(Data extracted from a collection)
• • •

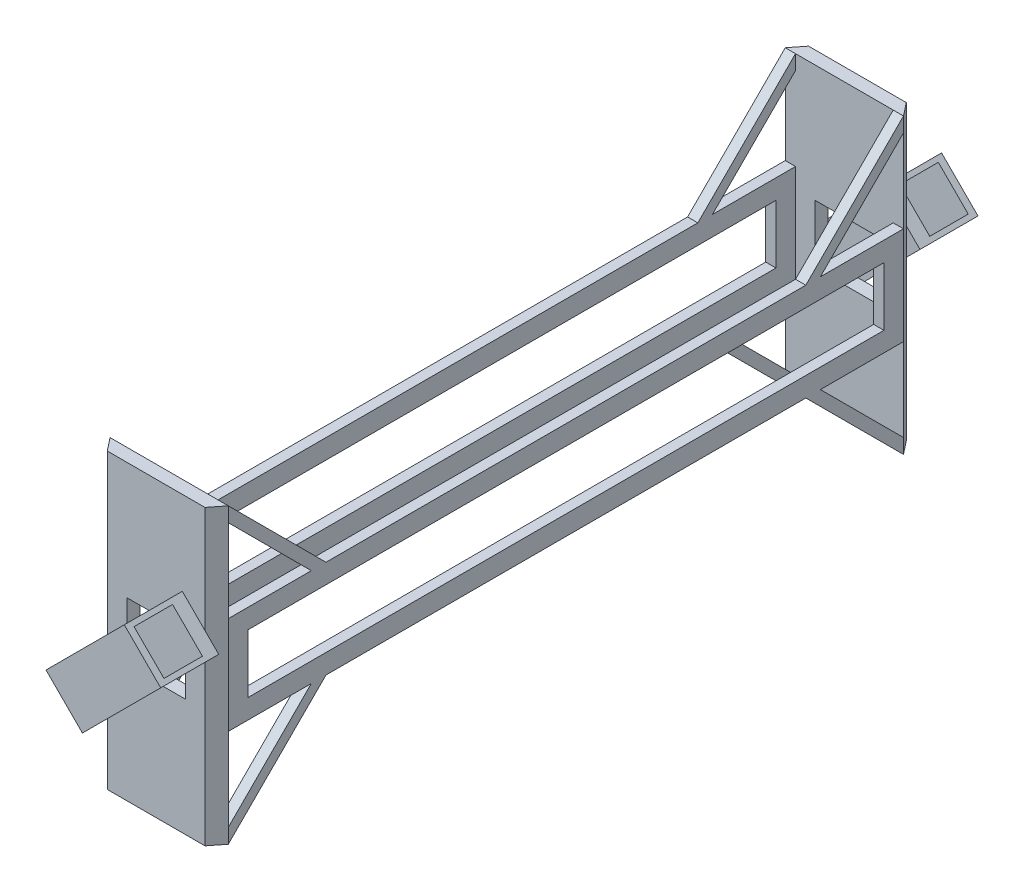
from build123d import *

# Parameters (mm, degrees)
SKETCH1_W             = 38.1
SKETCH1_H             = 38.1
BOSS_EXTRUDE1_DEPTH   = 5.08
SKETCH2_W             = 4
SKETCH2_H             = 38.1
BOSS_EXTRUDE2_DEPTH   = 263.31036223
BOSS_EXTRUDE2_2_DEPTH = 263.31036223
BOSS_EXTRUDE4_DEPTH   = 38.1
SKETCH5_W             = 22.86
SKETCH5_H             = 22.86
CUT_EXTRUDE1_DEPTH    = 354.24236223
SKETCH6_W             = 248.07036223
SKETCH6_H             = 22.86
CUT_EXTRUDE2_DEPTH    = 354.24236223
BOSS_EXTRUDE5_DEPTH   = 38.1
BOSS_EXTRUDE6_DEPTH   = 4
MIRROR9_COPY_1_DEPTH  = 4
BOSS_EXTRUDE8_DEPTH   = 5.08
BOSS_EXTRUDE9_DEPTH   = 15
BOSS_EXTRUDE10_DEPTH  = 2.54


with BuildPart() as part:
    # Sketch1 → Boss-Extrude1 (new body)
    with BuildSketch(Plane.XY):
        Rectangle(SKETCH1_W, SKETCH1_H)
    extrude(amount=BOSS_EXTRUDE1_DEPTH)



with BuildPart() as body_2:
    # Sketch2 → Boss-Extrude2 (new body)
    with BuildSketch(Plane(origin=(0, 0, 0), x_dir=(-1, 0, 0), z_dir=(0, 0, -1))):
        with Locations((21.05, 0)):
            Rectangle(SKETCH2_W, SKETCH2_H)
    extrude(amount=BOSS_EXTRUDE2_DEPTH)


with BuildPart() as body_3:
    # Sketch2 → Boss-Extrude2 2 (new body)
    with BuildSketch(Plane(origin=(0, 0, 0), x_dir=(-1, 0, 0), z_dir=(0, 0, -1))):
        with Locations((-21.05, 0)):
            Rectangle(SKETCH2_W, SKETCH2_H)
    extrude(amount=BOSS_EXTRUDE2_2_DEPTH)


with BuildPart() as part_1:
    add(part.part)

    add(body_2.part)  # Boss-Extrude4 merges body 2

    add(body_3.part)  # Boss-Extrude4 merges body 3
    # Sketch4 → Boss-Extrude4 (add)
    with BuildSketch(Plane(origin=(0, 19.05, 0), x_dir=(1, 0, 0), z_dir=(0, 1, 0))):
        Polygon((23.05, 0), (19.05, -5.08), (19.05, 0), align=None)
        Polygon((-19.05, 0), (-19.05, -5.08), (-23.05, 0), align=None)
    extrude(amount=-BOSS_EXTRUDE4_DEPTH)

    # Mirror2: part across plane


with BuildPart() as part_2:
    add(part_1.part)
    add(part_1.part.mirror(Plane(origin=(0, 0, -131.655181115), x_dir=(1, 0, 0), z_dir=(0, 0, -1))))

    # Sketch5 → Cut-Extrude1 (cut)
    with BuildSketch(Plane.XY.offset(5.08)):
        Rectangle(SKETCH5_W, SKETCH5_H)
    extrude(amount=-CUT_EXTRUDE1_DEPTH, mode=Mode.SUBTRACT)

    # Sketch6 → Cut-Extrude2 (cut)
    with BuildSketch(Plane.ZY.offset(23.05)):
        with Locations((-131.655181115, 0)):
            Rectangle(SKETCH6_W, SKETCH6_H)
    extrude(amount=-CUT_EXTRUDE2_DEPTH, mode=Mode.SUBTRACT)

    # Sketch7 → Boss-Extrude5 (add)
    with BuildSketch(Plane(origin=(0, 19.05, 0), x_dir=(1, 0, 0), z_dir=(0, 1, 0))):
        Polygon((-19.05, 0), (-23.05, 0), (-19.05, -5.08), (19.05, -5.08), (23.05, 0), (19.05, 0), align=None)
        Polygon((19.05, 268.39036223), (23.05, 263.31036223), (19.05, 263.31036223), (-19.05, 263.31036223), (-23.05, 263.31036223), (-19.05, 268.39036223), align=None)
    boss_extrude5 = extrude(amount=BOSS_EXTRUDE5_DEPTH)

    # Sketch8 → Boss-Extrude6 (add)
    with BuildSketch(Plane.ZY.offset(23.05)):
        Polygon((0, 57.15), (-38.1, 19.05), (-32.395584898, 19.05), (0, 51.445584898), align=None)
        Polygon((-230.914777332, 19.05), (-263.31036223, 51.445584898), (-263.31036223, 57.15), (-225.21036223, 19.05), align=None)
    boss_extrude6 = extrude(amount=-BOSS_EXTRUDE6_DEPTH)

    # Mirror8: Boss-Extrude6 across plane
    add(boss_extrude6.mirror(Plane(origin=(0, 0, 0), x_dir=(0, 0, 1), z_dir=(1, 0, 0))))

    # Mirror9: Boss-Extrude5, Boss-Extrude6 across plane
    add(boss_extrude5.mirror(Plane.ZX))
    add(boss_extrude6.mirror(Plane.ZX))

    # Mirror9 copy 1 sketch → Mirror9 copy 1 (add)
    with BuildSketch(Plane(origin=(23.05, 0, 0), x_dir=(0, 0, 1), z_dir=(1, 0, 0))):
        Polygon((0, 57.15), (-38.1, 19.05), (-32.395584898, 19.05), (0, 51.445584898), align=None)
        Polygon((-230.914777332, 19.05), (-263.31036223, 51.445584898), (-263.31036223, 57.15), (-225.21036223, 19.05), align=None)
    extrude(amount=-MIRROR9_COPY_1_DEPTH)

    # Sketch11 → Boss-Extrude8 (add)
    with BuildSketch(Plane.XY.offset(5.08)):
        Polygon((-18.529352083, -7.922750365), (-7.922750365, -18.529352083), (-6.126699141, -20.325403307), (24.406171671, 10.207467504), (10.207467504, 24.406171671), (8.41141628, 22.610120446), (-20.325403307, -6.126699141), align=None)
    boss_extrude8 = extrude(amount=BOSS_EXTRUDE8_DEPTH)

    # Sketch12 → Boss-Extrude9 (add)
    with BuildSketch(Plane.XY.offset(10.16)):
        Polygon((24.406171671, 10.207467504), (-6.126699141, -20.325403307), (-20.325403307, -6.126699141), (10.207467504, 24.406171671), (11.477467504, 23.136171671), (10.207467504, 21.866171671), (-17.785403307, -6.126699141), (-6.126699141, -17.785403307), (21.866171671, 10.207467504), (23.136171671, 11.477467504), align=None)
    boss_extrude9 = extrude(amount=BOSS_EXTRUDE9_DEPTH)

    # Sketch13 → Boss-Extrude10 (add)
    with BuildSketch(Plane.XY.offset(25.16)):
        Polygon((-20.325403307, -6.126699141), (10.207467504, 24.406171671), (24.406171671, 10.207467504), (-6.126699141, -20.325403307), align=None)
    boss_extrude10 = extrude(amount=BOSS_EXTRUDE10_DEPTH)

    # Mirror12: Boss-Extrude8, Boss-Extrude9, Boss-Extrude10 across plane
    add(boss_extrude8.mirror(Plane(origin=(0, 0, -131.655181115), x_dir=(1, 0, 0), z_dir=(0, 0, -1))))
    add(boss_extrude9.mirror(Plane(origin=(0, 0, -131.655181115), x_dir=(1, 0, 0), z_dir=(0, 0, -1))))
    add(boss_extrude10.mirror(Plane(origin=(0, 0, -131.655181115), x_dir=(1, 0, 0), z_dir=(0, 0, -1))))


solid = part_2.part

• • •

→ **WORK REQUEST**
Check each line of the records above for the word "across" and report how many lines have it, as a number only.

→ **WRITTEN RESPONSE**
4